China risks a catastrophic loss in competitive advantage to the US in artificial intelligence (AI) if it does not invest more in basic research, according to Peking University professor Wang Liwei.

The next technology breakthrough is more likely to happen in America than in China because the latter trails in basic academic research, said Wang, who specializes in machine perception and is a member of the China Computer Federation’s AI and pattern recognition committee. With a tech war raging, China could find itself cut off from the latest advancements in the technology, he said.

RNG74Y Cybernetic brain, deep machine learning and artificial intelligence concept 3D illustration. (Picture: Alamy)

“I think the ability to make such a breakthrough represents the real level of AI development of a country,” Wang said in an interview in Shanghai last week. “You can imagine what will happen if it’s in the US, not in China.”

China is engaged in a race with the US in AI development, with China’s State Council issuing a three-step plan in 2017 to make the country a global leader in the technology by 2030. It is a battle fought in the laboratories in universities and companies as much as in real-life application and strategic thinkers in both countries see mastery of AI as a key to unlocking future economic and military gains.
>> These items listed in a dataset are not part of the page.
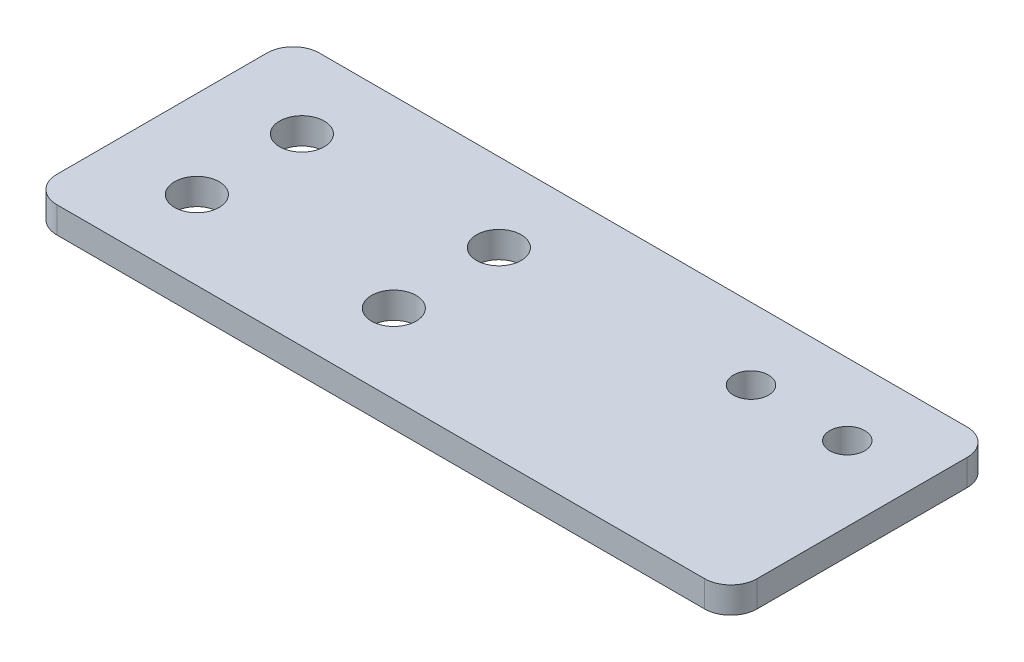
ISO-10303-21;
HEADER;
FILE_DESCRIPTION(('STEP AP214'),'2;1');
FILE_NAME('part.step','',(''),(''),'','','');
FILE_SCHEMA(('AUTOMOTIVE_DESIGN { 1 0 10303 214 1 1 1 1 }'));
ENDSEC;
DATA;
#1=APPLICATION_CONTEXT('core data for automotive mechanical design processes');
#2=APPLICATION_PROTOCOL_DEFINITION('international standard','automotive_design',2000,#1);
#3=PRODUCT_CONTEXT('',#1,'mechanical');
#4=PRODUCT('Part','Part','',(#3));
#5=PRODUCT_RELATED_PRODUCT_CATEGORY('part','',(#4));
#6=PRODUCT_DEFINITION_FORMATION('','',#4);
#7=PRODUCT_DEFINITION_CONTEXT('part definition',#1,'design');
#8=PRODUCT_DEFINITION('design','',#6,#7);
#9=PRODUCT_DEFINITION_SHAPE('','',#8);
#10=(LENGTH_UNIT() NAMED_UNIT(*) SI_UNIT(.MILLI.,.METRE.));
#11=(NAMED_UNIT(*) PLANE_ANGLE_UNIT() SI_UNIT($,.RADIAN.));
#12=(NAMED_UNIT(*) SI_UNIT($,.STERADIAN.) SOLID_ANGLE_UNIT());
#13=UNCERTAINTY_MEASURE_WITH_UNIT(LENGTH_MEASURE(1.E-05),#10,'distance_accuracy_value','');
#14=(GEOMETRIC_REPRESENTATION_CONTEXT(3) GLOBAL_UNCERTAINTY_ASSIGNED_CONTEXT((#13)) GLOBAL_UNIT_ASSIGNED_CONTEXT((#10,
#11,#12)) REPRESENTATION_CONTEXT('',''));
#15=CARTESIAN_POINT('',(0.,0.,0.));
#16=DIRECTION('',(0.,0.,1.));
#17=DIRECTION('',(1.,0.,0.));
#18=AXIS2_PLACEMENT_3D('',#15,#16,#17);
#19=CARTESIAN_POINT('',(37.,3.,-12.));
#20=DIRECTION('',(0.,1.,0.));
#21=DIRECTION('',(0.,0.,1.));
#22=AXIS2_PLACEMENT_3D('',#19,#20,#21);
#23=PLANE('',#22);
#24=CARTESIAN_POINT('',(-7.49999999999997,3.,-6.));
#25=DIRECTION('',(0.,1.,0.));
#26=DIRECTION('',(0.,0.,1.));
#27=AXIS2_PLACEMENT_3D('',#24,#25,#26);
#28=CIRCLE('',#27,2.55);
#29=CARTESIAN_POINT('',(-7.49999999999997,3.,-3.45));
#30=VERTEX_POINT('',#29);
#31=EDGE_CURVE('E202',#30,#30,#28,.T.);
#32=ORIENTED_EDGE('',*,*,#31,.F.);
#33=EDGE_LOOP('',(#32));
#34=FACE_BOUND('',#33,.T.);
#35=CARTESIAN_POINT('',(-30.,3.,-6.));
#36=DIRECTION('',(0.,1.,0.));
#37=DIRECTION('',(0.,0.,1.));
#38=AXIS2_PLACEMENT_3D('',#35,#36,#37);
#39=CIRCLE('',#38,2.55);
#40=CARTESIAN_POINT('',(-30.,3.,-3.45));
#41=VERTEX_POINT('',#40);
#42=EDGE_CURVE('E190',#41,#41,#39,.T.);
#43=ORIENTED_EDGE('',*,*,#42,.F.);
#44=EDGE_LOOP('',(#43));
#45=FACE_BOUND('',#44,.T.);
#46=CARTESIAN_POINT('',(20.5,3.,-6.8));
#47=DIRECTION('',(0.,1.,0.));
#48=DIRECTION('',(0.,0.,1.));
#49=AXIS2_PLACEMENT_3D('',#46,#47,#48);
#50=CIRCLE('',#49,2.);
#51=CARTESIAN_POINT('',(20.5,3.,-4.80000000000001));
#52=VERTEX_POINT('',#51);
#53=EDGE_CURVE('E136',#52,#52,#50,.T.);
#54=ORIENTED_EDGE('',*,*,#53,.F.);
#55=EDGE_LOOP('',(#54));
#56=FACE_BOUND('',#55,.T.);
#57=CARTESIAN_POINT('',(37.,3.,-12.));
#58=DIRECTION('',(0.,1.,0.));
#59=DIRECTION('',(0.,0.,1.));
#60=AXIS2_PLACEMENT_3D('',#57,#58,#59);
#61=CIRCLE('',#60,3.00000000000001);
#62=CARTESIAN_POINT('',(40.,3.,-12.));
#63=VERTEX_POINT('',#62);
#64=CARTESIAN_POINT('',(37.,3.,-15.));
#65=VERTEX_POINT('',#64);
#66=EDGE_CURVE('E147',#63,#65,#61,.T.);
#67=ORIENTED_EDGE('',*,*,#66,.T.);
#68=DIRECTION('',(-1.,0.,0.));
#69=VECTOR('',#68,1.);
#70=CARTESIAN_POINT('',(-37.,3.,-15.));
#71=LINE('',#70,#69);
#72=CARTESIAN_POINT('',(-37.,3.,-15.));
#73=VERTEX_POINT('',#72);
#74=EDGE_CURVE('E95',#65,#73,#71,.T.);
#75=ORIENTED_EDGE('',*,*,#74,.T.);
#76=CARTESIAN_POINT('',(-37.,3.,-12.));
#77=DIRECTION('',(0.,1.,0.));
#78=DIRECTION('',(0.,0.,-1.));
#79=AXIS2_PLACEMENT_3D('',#76,#77,#78);
#80=CIRCLE('',#79,3.);
#81=CARTESIAN_POINT('',(-40.,3.,-12.));
#82=VERTEX_POINT('',#81);
#83=EDGE_CURVE('E162',#73,#82,#80,.T.);
#84=ORIENTED_EDGE('',*,*,#83,.T.);
#85=DIRECTION('',(0.,0.,1.));
#86=VECTOR('',#85,1.);
#87=CARTESIAN_POINT('',(-40.,3.,-12.));
#88=LINE('',#87,#86);
#89=CARTESIAN_POINT('',(-40.,3.,12.));
#90=VERTEX_POINT('',#89);
#91=EDGE_CURVE('E175',#82,#90,#88,.T.);
#92=ORIENTED_EDGE('',*,*,#91,.T.);
#93=CARTESIAN_POINT('',(-37.,3.,12.));
#94=DIRECTION('',(0.,1.,0.));
#95=DIRECTION('',(0.,0.,-1.));
#96=AXIS2_PLACEMENT_3D('',#93,#94,#95);
#97=CIRCLE('',#96,3.);
#98=CARTESIAN_POINT('',(-37.,3.,15.));
#99=VERTEX_POINT('',#98);
#100=EDGE_CURVE('E114',#90,#99,#97,.T.);
#101=ORIENTED_EDGE('',*,*,#100,.T.);
#102=DIRECTION('',(1.,0.,0.));
#103=VECTOR('',#102,1.);
#104=CARTESIAN_POINT('',(-37.,3.,15.));
#105=LINE('',#104,#103);
#106=CARTESIAN_POINT('',(37.,3.,15.));
#107=VERTEX_POINT('',#106);
#108=EDGE_CURVE('E108',#99,#107,#105,.T.);
#109=ORIENTED_EDGE('',*,*,#108,.T.);
#110=CARTESIAN_POINT('',(37.,3.,12.));
#111=DIRECTION('',(0.,1.,0.));
#112=DIRECTION('',(0.,0.,1.));
#113=AXIS2_PLACEMENT_3D('',#110,#111,#112);
#114=CIRCLE('',#113,3.00000000000001);
#115=CARTESIAN_POINT('',(40.,3.,12.));
#116=VERTEX_POINT('',#115);
#117=EDGE_CURVE('E112',#107,#116,#114,.T.);
#118=ORIENTED_EDGE('',*,*,#117,.T.);
#119=DIRECTION('',(0.,0.,-1.));
#120=VECTOR('',#119,1.);
#121=CARTESIAN_POINT('',(40.,3.,-12.));
#122=LINE('',#121,#120);
#123=EDGE_CURVE('E52',#116,#63,#122,.T.);
#124=ORIENTED_EDGE('',*,*,#123,.T.);
#125=EDGE_LOOP('',(#67,#75,#84,#92,#101,#109,#118,#124));
#126=FACE_BOUND('',#125,.T.);
#127=CARTESIAN_POINT('',(31.5,3.,-6.8));
#128=DIRECTION('',(0.,1.,0.));
#129=DIRECTION('',(0.,0.,1.));
#130=AXIS2_PLACEMENT_3D('',#127,#128,#129);
#131=CIRCLE('',#130,2.);
#132=CARTESIAN_POINT('',(31.5,3.,-4.80000000000001));
#133=VERTEX_POINT('',#132);
#134=EDGE_CURVE('E184',#133,#133,#131,.T.);
#135=ORIENTED_EDGE('',*,*,#134,.F.);
#136=EDGE_LOOP('',(#135));
#137=FACE_BOUND('',#136,.T.);
#138=CARTESIAN_POINT('',(-29.9999999999998,3.,6.));
#139=DIRECTION('',(0.,1.,0.));
#140=DIRECTION('',(0.,0.,1.));
#141=AXIS2_PLACEMENT_3D('',#138,#139,#140);
#142=CIRCLE('',#141,2.55);
#143=CARTESIAN_POINT('',(-29.9999999999998,3.,8.55));
#144=VERTEX_POINT('',#143);
#145=EDGE_CURVE('E196',#144,#144,#142,.T.);
#146=ORIENTED_EDGE('',*,*,#145,.F.);
#147=EDGE_LOOP('',(#146));
#148=FACE_BOUND('',#147,.T.);
#149=CARTESIAN_POINT('',(-7.49999999999985,3.,6.));
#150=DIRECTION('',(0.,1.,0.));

China lags behind the US in the global talent needed to power AI research and development. China has fewer than 30 universities with AI labs. Forty percent of data scientists in China have less than five years of working experience, while in the US, more than half of the researchers have more than 10 years of experience. China also has about half of the global AI talent compared to the US, according to the 2018 Deloitte AI report.

Even so, China has made gains in AI in recent years largely on the back of improving on open-source machine learning libraries such as Google’s Tensorflow and Facebook’s Pytorch, which developers grant users the right to study, change and distribute the code for collaboration, according to Wang.

Today's AI is still in an infant stage compared to the ideal artificial neural network, said Wang. Progress in deep learning, a form of AI that mimics the workings of the human brain in processing data for use in decision making, has slowed in the past two years and may be reaching a ceiling, Wang said.

That is why breakthroughs are likely to be grounded in fundamental research, he said.